§ **Exercise instructions**:
Look through the records, and whenever a line includes the word "symbol", copy it.

§ **Task input**:
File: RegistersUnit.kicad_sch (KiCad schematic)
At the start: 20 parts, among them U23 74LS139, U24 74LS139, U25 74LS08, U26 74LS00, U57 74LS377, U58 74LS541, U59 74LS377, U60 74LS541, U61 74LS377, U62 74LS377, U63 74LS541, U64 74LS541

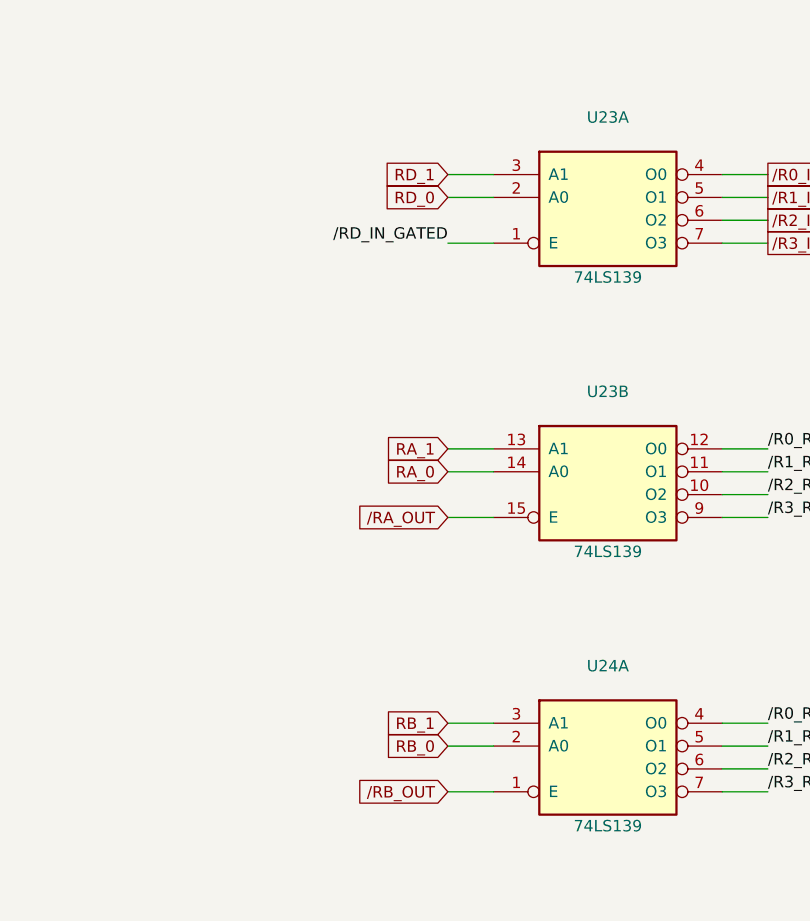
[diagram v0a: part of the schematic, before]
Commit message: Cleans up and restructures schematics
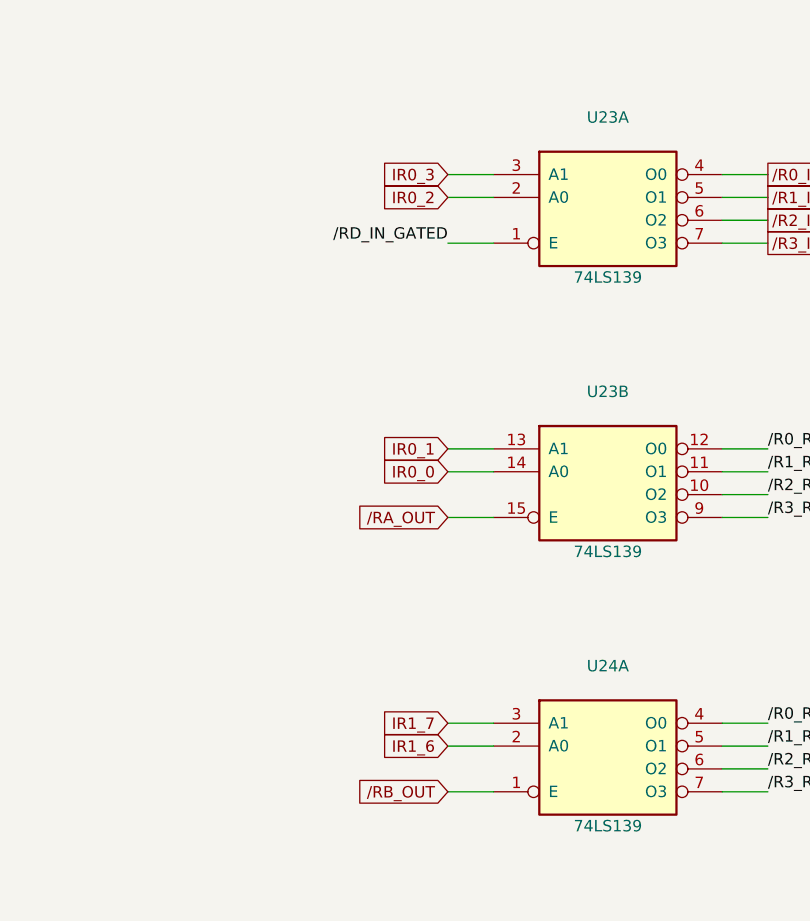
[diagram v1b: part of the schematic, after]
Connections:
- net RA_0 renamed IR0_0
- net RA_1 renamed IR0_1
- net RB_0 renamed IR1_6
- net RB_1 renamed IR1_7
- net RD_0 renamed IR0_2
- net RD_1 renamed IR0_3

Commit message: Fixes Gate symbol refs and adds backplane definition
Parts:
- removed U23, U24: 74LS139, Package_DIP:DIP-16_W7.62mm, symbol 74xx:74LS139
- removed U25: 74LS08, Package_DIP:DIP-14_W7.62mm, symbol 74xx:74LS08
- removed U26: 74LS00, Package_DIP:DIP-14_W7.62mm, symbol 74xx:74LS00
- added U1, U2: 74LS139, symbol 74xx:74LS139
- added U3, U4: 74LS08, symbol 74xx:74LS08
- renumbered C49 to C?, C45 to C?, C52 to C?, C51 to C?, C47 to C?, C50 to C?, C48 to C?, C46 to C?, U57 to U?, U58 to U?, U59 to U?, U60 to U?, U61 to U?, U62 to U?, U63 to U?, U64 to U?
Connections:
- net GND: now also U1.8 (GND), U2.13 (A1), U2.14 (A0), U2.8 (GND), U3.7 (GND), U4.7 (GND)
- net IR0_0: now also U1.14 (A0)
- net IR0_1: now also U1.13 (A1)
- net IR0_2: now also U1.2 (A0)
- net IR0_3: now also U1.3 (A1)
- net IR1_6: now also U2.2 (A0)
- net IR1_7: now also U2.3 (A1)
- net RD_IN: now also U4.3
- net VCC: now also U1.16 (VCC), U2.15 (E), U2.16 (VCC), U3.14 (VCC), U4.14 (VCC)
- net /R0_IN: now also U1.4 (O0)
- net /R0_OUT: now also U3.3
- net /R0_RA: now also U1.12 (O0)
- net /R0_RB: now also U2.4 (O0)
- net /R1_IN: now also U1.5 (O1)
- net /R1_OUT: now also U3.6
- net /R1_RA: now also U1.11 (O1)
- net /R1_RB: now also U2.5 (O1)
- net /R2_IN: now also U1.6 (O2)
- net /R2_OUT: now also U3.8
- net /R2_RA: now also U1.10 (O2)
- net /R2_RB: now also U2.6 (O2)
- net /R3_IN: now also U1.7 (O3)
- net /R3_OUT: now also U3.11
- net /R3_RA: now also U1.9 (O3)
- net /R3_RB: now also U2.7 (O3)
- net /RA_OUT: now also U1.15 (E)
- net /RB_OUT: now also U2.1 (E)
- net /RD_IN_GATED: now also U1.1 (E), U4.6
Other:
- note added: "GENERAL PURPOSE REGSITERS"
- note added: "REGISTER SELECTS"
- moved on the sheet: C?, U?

§ **Expected output**:
Commit message: Fixes Gate symbol refs and adds backplane definition
- removed U23, U24: 74LS139, Package_DIP:DIP-16_W7.62mm, symbol 74xx:74LS139
- removed U25: 74LS08, Package_DIP:DIP-14_W7.62mm, symbol 74xx:74LS08
- removed U26: 74LS00, Package_DIP:DIP-14_W7.62mm, symbol 74xx:74LS00
- added U1, U2: 74LS139, symbol 74xx:74LS139
- added U3, U4: 74LS08, symbol 74xx:74LS08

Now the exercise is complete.